CC: We began the season with the loss of Mulder's belief [in extraterrestrials]. You were stealing something from the character, taking away the foundation for his existence. At the same time, we were playing with Scully's religious beliefs, so the characters were shifting places. It wasn't that Scully was believing in the paranormal as much as in the miraculous. As a lapsed Catholic, she had the foundation of religious fundamentals, but as a scientist, she pushed away from that. Now all of a sudden, she's accepting things that are beyond her ability to see, touch, taste and feel, and that's a big step for her character. I've always thought of this show as extremely religious. When you say, "The Truth Is Out There," if you substitute God for the truth, it's really a search for meaning, a search for faith.

TVG: I know you're especially proud of last season's black-and-white episode "The Post-Modern Prometheus," based on the Frankenstein story, which you wrote and directed. Your version of the monster ends up as a guest on The Jerry Springer Show, months before it took off in the ratings. Did you know something we didn't?

CC: It's just a strange coincidence. It's not like I was prescient. I actually took an interest in Jerry Springer. I came home late at night and turned it on and was just amazed by it. It seemed to me a perfect place for these characters I had rolling in my head to end up. I figured he'd say no, but he said yes. It's serendipitous.

TVG: What do you think compels people, even yourself, to watch his show?

CC: I think it's the anything-can-happen aspect for me. I'm just very amused by it.

TVG: Working under such scrutiny now, do you ever long for the early seasons when the show was still something of a well-kept Friday-night secret?
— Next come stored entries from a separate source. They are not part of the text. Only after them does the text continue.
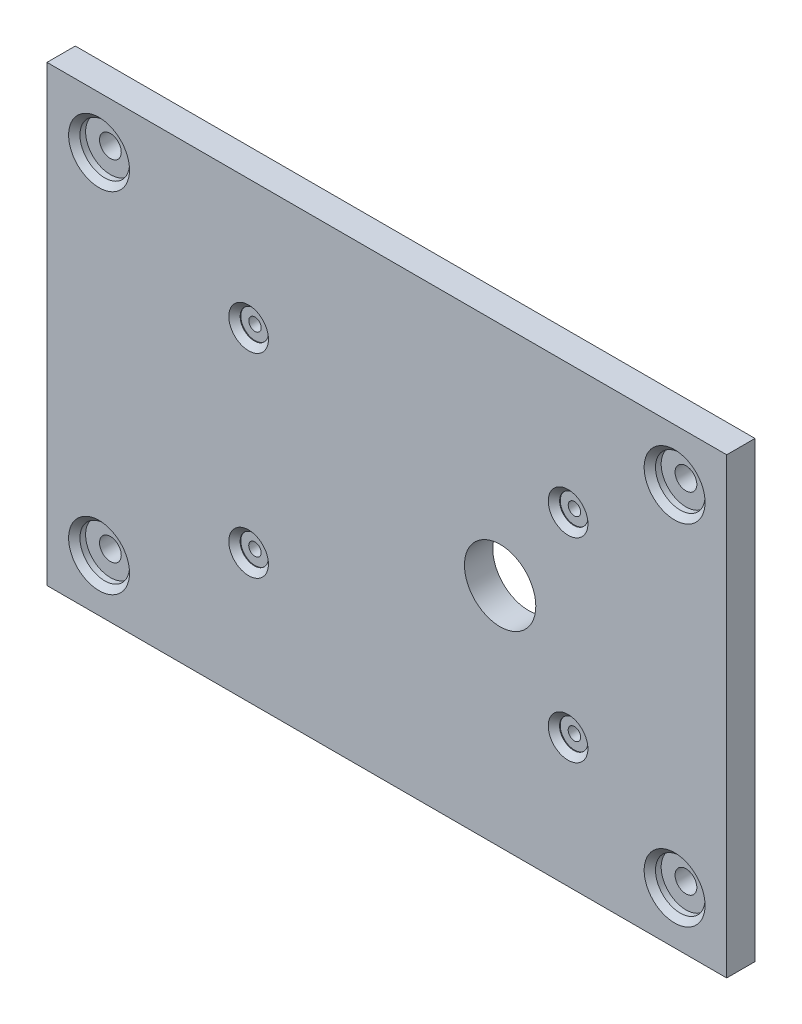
ISO-10303-21;
HEADER;
FILE_DESCRIPTION(('STEP AP214'),'2;1');
FILE_NAME('part.step','',(''),(''),'','','');
FILE_SCHEMA(('AUTOMOTIVE_DESIGN { 1 0 10303 214 1 1 1 1 }'));
ENDSEC;
DATA;
#1=APPLICATION_CONTEXT('core data for automotive mechanical design processes');
#2=APPLICATION_PROTOCOL_DEFINITION('international standard','automotive_design',2000,#1);
#3=PRODUCT_CONTEXT('',#1,'mechanical');
#4=PRODUCT('Part','Part','',(#3));
#5=PRODUCT_RELATED_PRODUCT_CATEGORY('part','',(#4));
#6=PRODUCT_DEFINITION_FORMATION('','',#4);
#7=PRODUCT_DEFINITION_CONTEXT('part definition',#1,'design');
#8=PRODUCT_DEFINITION('design','',#6,#7);
#9=PRODUCT_DEFINITION_SHAPE('','',#8);
#10=(LENGTH_UNIT() NAMED_UNIT(*) SI_UNIT(.MILLI.,.METRE.));
#11=(NAMED_UNIT(*) PLANE_ANGLE_UNIT() SI_UNIT($,.RADIAN.));
#12=(NAMED_UNIT(*) SI_UNIT($,.STERADIAN.) SOLID_ANGLE_UNIT());
#13=UNCERTAINTY_MEASURE_WITH_UNIT(LENGTH_MEASURE(1.E-05),#10,'distance_accuracy_value','');
#14=(GEOMETRIC_REPRESENTATION_CONTEXT(3) GLOBAL_UNCERTAINTY_ASSIGNED_CONTEXT((#13)) GLOBAL_UNIT_ASSIGNED_CONTEXT((#10,
#11,#12)) REPRESENTATION_CONTEXT('',''));
#15=CARTESIAN_POINT('',(0.,0.,0.));
#16=DIRECTION('',(0.,0.,1.));
#17=DIRECTION('',(1.,0.,0.));
#18=AXIS2_PLACEMENT_3D('',#15,#16,#17);
#19=CARTESIAN_POINT('',(0.,0.,3.175));
#20=DIRECTION('',(1.,0.,0.));
#21=DIRECTION('',(0.,0.,-1.));
#22=AXIS2_PLACEMENT_3D('',#19,#20,#21);
#23=PLANE('',#22);
#24=DIRECTION('',(0.,-1.,0.));
#25=VECTOR('',#24,1.);
#26=CARTESIAN_POINT('',(0.,0.,0.));
#27=LINE('',#26,#25);
#28=CARTESIAN_POINT('',(0.,50.8,0.));
#29=VERTEX_POINT('',#28);
#30=CARTESIAN_POINT('',(0.,0.,0.));
#31=VERTEX_POINT('',#30);
#32=EDGE_CURVE('E116',#29,#31,#27,.T.);
#33=ORIENTED_EDGE('',*,*,#32,.T.);
#34=DIRECTION('',(0.,0.,-1.));
#35=VECTOR('',#34,1.);
#36=CARTESIAN_POINT('',(0.,0.,3.175));
#37=LINE('',#36,#35);
#38=CARTESIAN_POINT('',(0.,0.,3.175));
#39=VERTEX_POINT('',#38);
#40=EDGE_CURVE('E11',#39,#31,#37,.T.);
#41=ORIENTED_EDGE('',*,*,#40,.F.);
#42=DIRECTION('',(0.,-1.,0.));
#43=VECTOR('',#42,1.);
#44=CARTESIAN_POINT('',(0.,0.,3.175));
#45=LINE('',#44,#43);
#46=CARTESIAN_POINT('',(0.,50.8,3.175));
#47=VERTEX_POINT('',#46);
#48=EDGE_CURVE('E99',#47,#39,#45,.T.);
#49=ORIENTED_EDGE('',*,*,#48,.F.);
#50=DIRECTION('',(0.,0.,-1.));
#51=VECTOR('',#50,1.);
#52=CARTESIAN_POINT('',(0.,50.8,3.175));
#53=LINE('',#52,#51);
#54=EDGE_CURVE('E112',#47,#29,#53,.T.);
#55=ORIENTED_EDGE('',*,*,#54,.T.);
#56=EDGE_LOOP('',(#33,#41,#49,#55));
#57=FACE_BOUND('',#56,.T.);
#58=ADVANCED_FACE('F45',(#57),#23,.F.);
#59=CARTESIAN_POINT('',(0.,0.,3.175));
#60=DIRECTION('',(0.,1.,0.));
#61=DIRECTION('',(0.,0.,1.));
#62=AXIS2_PLACEMENT_3D('',#59,#60,#61);
#63=PLANE('',#62);
#64=DIRECTION('',(1.,0.,0.));
#65=VECTOR('',#64,1.);
#66=CARTESIAN_POINT('',(0.,0.,0.));
#67=LINE('',#66,#65);
#68=CARTESIAN_POINT('',(76.2,0.,0.));
#69=VERTEX_POINT('',#68);
#70=EDGE_CURVE('E104',#31,#69,#67,.T.);
#71=ORIENTED_EDGE('',*,*,#70,.T.);
#72=DIRECTION('',(0.,0.,-1.));
#73=VECTOR('',#72,1.);
#74=CARTESIAN_POINT('',(76.2,0.,3.175));
#75=LINE('',#74,#73);
#76=CARTESIAN_POINT('',(76.2,0.,3.175));
#77=VERTEX_POINT('',#76);
#78=EDGE_CURVE('E55',#77,#69,#75,.T.);
#79=ORIENTED_EDGE('',*,*,#78,.F.);
#80=DIRECTION('',(1.,0.,0.));
#81=VECTOR('',#80,1.);
#82=CARTESIAN_POINT('',(0.,0.,3.175));
#83=LINE('',#82,#81);
#84=EDGE_CURVE('E94',#39,#77,#83,.T.);
#85=ORIENTED_EDGE('',*,*,#84,.F.);
#86=ORIENTED_EDGE('',*,*,#40,.T.);
#87=EDGE_LOOP('',(#71,#79,#85,#86));
#88=FACE_BOUND('',#87,.T.);
#89=ADVANCED_FACE('F103',(#88),#63,.F.);
#90=CARTESIAN_POINT('',(76.2,0.,3.175));
#91=DIRECTION('',(-1.,0.,0.));
#92=DIRECTION('',(0.,0.,1.));
#93=AXIS2_PLACEMENT_3D('',#90,#91,#92);
#94=PLANE('',#93);
#95=DIRECTION('',(0.,1.,0.));
#96=VECTOR('',#95,1.);
#97=CARTESIAN_POINT('',(76.2,0.,0.));
#98=LINE('',#97,#96);
#99=CARTESIAN_POINT('',(76.2,50.8,0.));
#100=VERTEX_POINT('',#99);
#101=EDGE_CURVE('E81',#69,#100,#98,.T.);
#102=ORIENTED_EDGE('',*,*,#101,.T.);
#103=DIRECTION('',(0.,0.,-1.));
#104=VECTOR('',#103,1.);
#105=CARTESIAN_POINT('',(76.2,50.8,3.175));
#106=LINE('',#105,#104);
#107=CARTESIAN_POINT('',(76.2,50.8,3.175));
#108=VERTEX_POINT('',#107);
#109=EDGE_CURVE('E106',#108,#100,#106,.T.);
#110=ORIENTED_EDGE('',*,*,#109,.F.);
#111=DIRECTION('',(0.,1.,0.));
#112=VECTOR('',#111,1.);
#113=CARTESIAN_POINT('',(76.2,0.,3.175));
#114=LINE('',#113,#112);
#115=EDGE_CURVE('E97',#77,#108,#114,.T.);
#116=ORIENTED_EDGE('',*,*,#115,.F.);
#117=ORIENTED_EDGE('',*,*,#78,.T.);
#118=EDGE_LOOP('',(#102,#110,#116,#117));
#119=FACE_BOUND('',#118,.T.);
#120=ADVANCED_FACE('F108',(#119),#94,.F.);
#121=CARTESIAN_POINT('',(0.,50.8,3.175));
#122=DIRECTION('',(0.,-1.,0.));
#123=DIRECTION('',(0.,0.,-1.));
#124=AXIS2_PLACEMENT_3D('',#121,#122,#123);
#125=PLANE('',#124);
#126=DIRECTION('',(-1.,0.,0.));
#127=VECTOR('',#126,1.);
#128=CARTESIAN_POINT('',(0.,50.8,0.));
#129=LINE('',#128,#127);
#130=EDGE_CURVE('E87',#100,#29,#129,.T.);
#131=ORIENTED_EDGE('',*,*,#130,.T.);
#132=ORIENTED_EDGE('',*,*,#54,.F.);
#133=DIRECTION('',(-1.,0.,0.));
#134=VECTOR('',#133,1.);
#135=CARTESIAN_POINT('',(0.,50.8,3.175));
#136=LINE('',#135,#134);
#137=EDGE_CURVE('E64',#108,#47,#136,.T.);
#138=ORIENTED_EDGE('',*,*,#137,.F.);
#139=ORIENTED_EDGE('',*,*,#109,.T.);
#140=EDGE_LOOP('',(#131,#132,#138,#139));
#141=FACE_BOUND('',#140,.T.);
#142=ADVANCED_FACE('F300',(#141),#125,.F.);
#143=CARTESIAN_POINT('',(0.,0.,3.175));
#144=DIRECTION('',(0.,0.,-1.));
#145=DIRECTION('',(-1.,0.,0.));
#146=AXIS2_PLACEMENT_3D('',#143,#144,#145);
#147=PLANE('',#146);
#148=CARTESIAN_POINT('',(22.6068122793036,36.3240964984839,3.175));
#149=DIRECTION('',(0.,0.,1.));
#150=DIRECTION('',(1.,0.,0.));
#151=AXIS2_PLACEMENT_3D('',#148,#149,#150);
#152=CIRCLE('',#151,2.2225);
#153=CARTESIAN_POINT('',(24.8293122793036,36.3240964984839,3.175));
#154=VERTEX_POINT('',#153);
#155=EDGE_CURVE('E638',#154,#154,#152,.T.);
#156=ORIENTED_EDGE('',*,*,#155,.F.);
#157=EDGE_LOOP('',(#156));
#158=FACE_BOUND('',#157,.T.);
#159=CARTESIAN_POINT('',(22.6030007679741,14.4857454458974,3.175));
#160=DIRECTION('',(0.,0.,1.));
#161=DIRECTION('',(1.,0.,0.));
#162=AXIS2_PLACEMENT_3D('',#159,#160,#161);
#163=CIRCLE('',#162,2.2225);
#164=CARTESIAN_POINT('',(24.8255007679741,14.4857454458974,3.175));
#165=VERTEX_POINT('',#164);
#166=EDGE_CURVE('E652',#165,#165,#163,.T.);
#167=ORIENTED_EDGE('',*,*,#166,.F.);
#168=EDGE_LOOP('',(#167));
#169=FACE_BOUND('',#168,.T.);
#170=CARTESIAN_POINT('',(58.4214304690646,36.3210018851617,3.175));
#171=DIRECTION('',(0.,0.,1.));
#172=DIRECTION('',(1.,0.,0.));
#173=AXIS2_PLACEMENT_3D('',#170,#171,#172);
#174=CIRCLE('',#173,2.2225);
#175=CARTESIAN_POINT('',(60.6439304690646,36.3210018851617,3.175));
#176=VERTEX_POINT('',#175);
#177=EDGE_CURVE('E167',#176,#176,#174,.T.);
#178=ORIENTED_EDGE('',*,*,#177,.F.);
#179=EDGE_LOOP('',(#178));
#180=FACE_BOUND('',#179,.T.);
#181=CARTESIAN_POINT('',(58.4176178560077,14.4763383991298,3.175));
#182=DIRECTION('',(0.,0.,1.));
#183=DIRECTION('',(1.,0.,0.));
#184=AXIS2_PLACEMENT_3D('',#181,#182,#183);
#185=CIRCLE('',#184,2.2225);
#186=CARTESIAN_POINT('',(60.6401178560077,14.4763383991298,3.175));
#187=VERTEX_POINT('',#186);
#188=EDGE_CURVE('E162',#187,#187,#185,.T.);
#189=ORIENTED_EDGE('',*,*,#188,.F.);
#190=EDGE_LOOP('',(#189));
#191=FACE_BOUND('',#190,.T.);
#192=CARTESIAN_POINT('',(50.8,25.4,3.175));
#193=DIRECTION('',(0.,0.,1.));
#194=DIRECTION('',(1.,0.,0.));
#195=AXIS2_PLACEMENT_3D('',#192,#193,#194);
#196=CIRCLE('',#195,4.0005);
#197=CARTESIAN_POINT('',(54.8005,25.4,3.175));
#198=VERTEX_POINT('',#197);
#199=EDGE_CURVE('E157',#198,#198,#196,.T.);
#200=ORIENTED_EDGE('',*,*,#199,.F.);
#201=EDGE_LOOP('',(#200));
#202=FACE_BOUND('',#201,.T.);
#203=CARTESIAN_POINT('',(5.83716647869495,44.9628335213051,3.175));
#204=DIRECTION('',(0.,0.,1.));
#205=DIRECTION('',(1.,0.,0.));
#206=AXIS2_PLACEMENT_3D('',#203,#204,#205);
#207=CIRCLE('',#206,3.41376);
#208=CARTESIAN_POINT('',(9.25092647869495,44.9628335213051,3.175));
#209=VERTEX_POINT('',#208);
#210=EDGE_CURVE('E215',#209,#209,#207,.T.);
#211=ORIENTED_EDGE('',*,*,#210,.F.);
#212=EDGE_LOOP('',(#211));
#213=FACE_BOUND('',#212,.T.);
#214=CARTESIAN_POINT('',(70.362833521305,44.9628335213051,3.175));
#215=DIRECTION('',(0.,0.,1.));
#216=DIRECTION('',(1.,0.,0.));
#217=AXIS2_PLACEMENT_3D('',#214,#215,#216);
#218=CIRCLE('',#217,3.41376);
#219=CARTESIAN_POINT('',(73.776593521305,44.9628335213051,3.175));
#220=VERTEX_POINT('',#219);
#221=EDGE_CURVE('E151',#220,#220,#218,.T.);
#222=ORIENTED_EDGE('',*,*,#221,.F.);
#223=EDGE_LOOP('',(#222));
#224=FACE_BOUND('',#223,.T.);
#225=CARTESIAN_POINT('',(5.83716647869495,5.83716647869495,3.175));
#226=DIRECTION('',(0.,0.,1.));
#227=DIRECTION('',(1.,0.,0.));
#228=AXIS2_PLACEMENT_3D('',#225,#226,#227);
#229=CIRCLE('',#228,3.41376);
#230=CARTESIAN_POINT('',(9.25092647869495,5.83716647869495,3.175));
#231=VERTEX_POINT('',#230);
#232=EDGE_CURVE('E145',#231,#231,#229,.T.);
#233=ORIENTED_EDGE('',*,*,#232,.F.);
#234=EDGE_LOOP('',(#233));
#235=FACE_BOUND('',#234,.T.);
#236=CARTESIAN_POINT('',(70.362833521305,5.83716647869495,3.175));
#237=DIRECTION('',(0.,0.,1.));
#238=DIRECTION('',(1.,0.,0.));
#239=AXIS2_PLACEMENT_3D('',#236,#237,#238);
#240=CIRCLE('',#239,3.41376);
#241=CARTESIAN_POINT('',(73.776593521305,5.83716647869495,3.175));
#242=VERTEX_POINT('',#241);
#243=EDGE_CURVE('E139',#242,#242,#240,.T.);
#244=ORIENTED_EDGE('',*,*,#243,.F.);
#245=EDGE_LOOP('',(#244));
#246=FACE_BOUND('',#245,.T.);
#247=ORIENTED_EDGE('',*,*,#48,.T.);
#248=ORIENTED_EDGE('',*,*,#84,.T.);
#249=ORIENTED_EDGE('',*,*,#115,.T.);
#250=ORIENTED_EDGE('',*,*,#137,.T.);
#251=EDGE_LOOP('',(#247,#248,#249,#250));
#252=FACE_BOUND('',#251,.T.);
#253=ADVANCED_FACE('F95',(#158,#169,#180,#191,#202,#213,#224,#235,#246,#252),#147,.F.);
#254=CARTESIAN_POINT('',(0.,0.,0.));
#255=DIRECTION('',(0.,0.,-1.));
#256=DIRECTION('',(-1.,0.,0.));
#257=AXIS2_PLACEMENT_3D('',#254,#255,#256);
#258=PLANE('',#257);
#259=CARTESIAN_POINT('',(22.6068122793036,36.3240964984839,0.));
#260=DIRECTION('',(0.,0.,-1.));
#261=DIRECTION('',(-1.,0.,0.));
#262=AXIS2_PLACEMENT_3D('',#259,#260,#261);
#263=CIRCLE('',#262,0.698499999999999);
#264=CARTESIAN_POINT('',(21.9083122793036,36.3240964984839,0.));
#265=VERTEX_POINT('',#264);
#266=EDGE_CURVE('E48',#265,#265,#263,.T.);
#267=ORIENTED_EDGE('',*,*,#266,.F.);
#268=EDGE_LOOP('',(#267));
#269=FACE_BOUND('',#268,.T.);
#270=CARTESIAN_POINT('',(22.6030007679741,14.4857454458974,0.));
#271=DIRECTION('',(0.,0.,-1.));
#272=DIRECTION('',(-1.,0.,0.));
#273=AXIS2_PLACEMENT_3D('',#270,#271,#272);
#274=CIRCLE('',#273,0.698499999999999);
#275=CARTESIAN_POINT('',(21.9045007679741,14.4857454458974,0.));
#276=VERTEX_POINT('',#275);
#277=EDGE_CURVE('E164',#276,#276,#274,.T.);
#278=ORIENTED_EDGE('',*,*,#277,.F.);
#279=EDGE_LOOP('',(#278));
#280=FACE_BOUND('',#279,.T.);
#281=CARTESIAN_POINT('',(58.4214304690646,36.3210018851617,0.));
#282=DIRECTION('',(0.,0.,-1.));
#283=DIRECTION('',(-1.,0.,0.));
#284=AXIS2_PLACEMENT_3D('',#281,#282,#283);
#285=CIRCLE('',#284,0.698500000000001);
#286=CARTESIAN_POINT('',(57.7229304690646,36.3210018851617,0.));
#287=VERTEX_POINT('',#286);
#288=EDGE_CURVE('E159',#287,#287,#285,.T.);
#289=ORIENTED_EDGE('',*,*,#288,.F.);
#290=EDGE_LOOP('',(#289));
#291=FACE_BOUND('',#290,.T.);
#292=CARTESIAN_POINT('',(58.4176178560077,14.4763383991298,0.));
#293=DIRECTION('',(0.,0.,-1.));
#294=DIRECTION('',(-1.,0.,0.));
#295=AXIS2_PLACEMENT_3D('',#292,#293,#294);
#296=CIRCLE('',#295,0.698500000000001);
#297=CARTESIAN_POINT('',(57.7191178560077,14.4763383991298,0.));
#298=VERTEX_POINT('',#297);
#299=EDGE_CURVE('E153',#298,#298,#296,.T.);
#300=ORIENTED_EDGE('',*,*,#299,.F.);
#301=EDGE_LOOP('',(#300));
#302=FACE_BOUND('',#301,.T.);
#303=CARTESIAN_POINT('',(50.8,25.4,0.));
#304=DIRECTION('',(0.,0.,1.));
#305=DIRECTION('',(1.,0.,0.));
#306=AXIS2_PLACEMENT_3D('',#303,#304,#305);
#307=CIRCLE('',#306,4.0005);
#308=CARTESIAN_POINT('',(54.8005,25.4,0.));
#309=VERTEX_POINT('',#308);
#310=EDGE_CURVE('E211',#309,#309,#307,.T.);
#311=ORIENTED_EDGE('',*,*,#310,.T.);
#312=EDGE_LOOP('',(#311));
#313=FACE_BOUND('',#312,.T.);
#314=CARTESIAN_POINT('',(5.83716647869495,44.9628335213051,0.));
#315=DIRECTION('',(0.,0.,-1.));
#316=DIRECTION('',(-1.,0.,0.));
#317=AXIS2_PLACEMENT_3D('',#314,#315,#316);
#318=CIRCLE('',#317,1.2192);
#319=CARTESIAN_POINT('',(4.61796647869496,44.9628335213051,0.));
#320=VERTEX_POINT('',#319);
#321=EDGE_CURVE('E147',#320,#320,#318,.T.);
#322=ORIENTED_EDGE('',*,*,#321,.F.);
#323=EDGE_LOOP('',(#322));
#324=FACE_BOUND('',#323,.T.);
#325=CARTESIAN_POINT('',(70.362833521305,44.9628335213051,0.));
#326=DIRECTION('',(0.,0.,-1.));
#327=DIRECTION('',(-1.,0.,0.));
#328=AXIS2_PLACEMENT_3D('',#325,#326,#327);
#329=CIRCLE('',#328,1.2192);
#330=CARTESIAN_POINT('',(69.143633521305,44.9628335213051,0.));
#331=VERTEX_POINT('',#330);
#332=EDGE_CURVE('E141',#331,#331,#329,.T.);
#333=ORIENTED_EDGE('',*,*,#332,.F.);
#334=EDGE_LOOP('',(#333));
#335=FACE_BOUND('',#334,.T.);
#336=CARTESIAN_POINT('',(5.83716647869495,5.83716647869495,0.));
#337=DIRECTION('',(0.,0.,-1.));
#338=DIRECTION('',(-1.,0.,0.));
#339=AXIS2_PLACEMENT_3D('',#336,#337,#338);
#340=CIRCLE('',#339,1.2192);
#341=CARTESIAN_POINT('',(4.61796647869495,5.83716647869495,0.));
#342=VERTEX_POINT('',#341);
#343=EDGE_CURVE('E135',#342,#342,#340,.T.);
#344=ORIENTED_EDGE('',*,*,#343,.F.);
#345=EDGE_LOOP('',(#344));
#346=FACE_BOUND('',#345,.T.);
#347=CARTESIAN_POINT('',(70.362833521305,5.83716647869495,0.));
#348=DIRECTION('',(0.,0.,-1.));
#349=DIRECTION('',(-1.,0.,0.));
#350=AXIS2_PLACEMENT_3D('',#347,#348,#349);
#351=CIRCLE('',#350,1.2192);
#352=CARTESIAN_POINT('',(69.143633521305,5.83716647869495,0.));
#353=VERTEX_POINT('',#352);
#354=EDGE_CURVE('E120',#353,#353,#351,.T.);
#355=ORIENTED_EDGE('',*,*,#354,.F.);
#356=EDGE_LOOP('',(#355));
#357=FACE_BOUND('',#356,.T.);
#358=ORIENTED_EDGE('',*,*,#32,.F.);
#359=ORIENTED_EDGE('',*,*,#130,.F.);
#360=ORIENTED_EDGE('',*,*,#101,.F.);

CC: It hasn't changed that much for me. As the audience and popularity grows, that has certain gravitational aspects, but the work and my life are almost exactly the same. I always eat lunch at my desk, rarely eat dinner anyplace other than my desk. My fine china is Styrofoam. This is our existence. Everybody who works here has never slowed down. The success allows you certain freedoms, because people start not to question what it is you're doing. The popularity of the show is a good thing, but the ethic and the approach is still the same. It's still a cult TV show in my mind.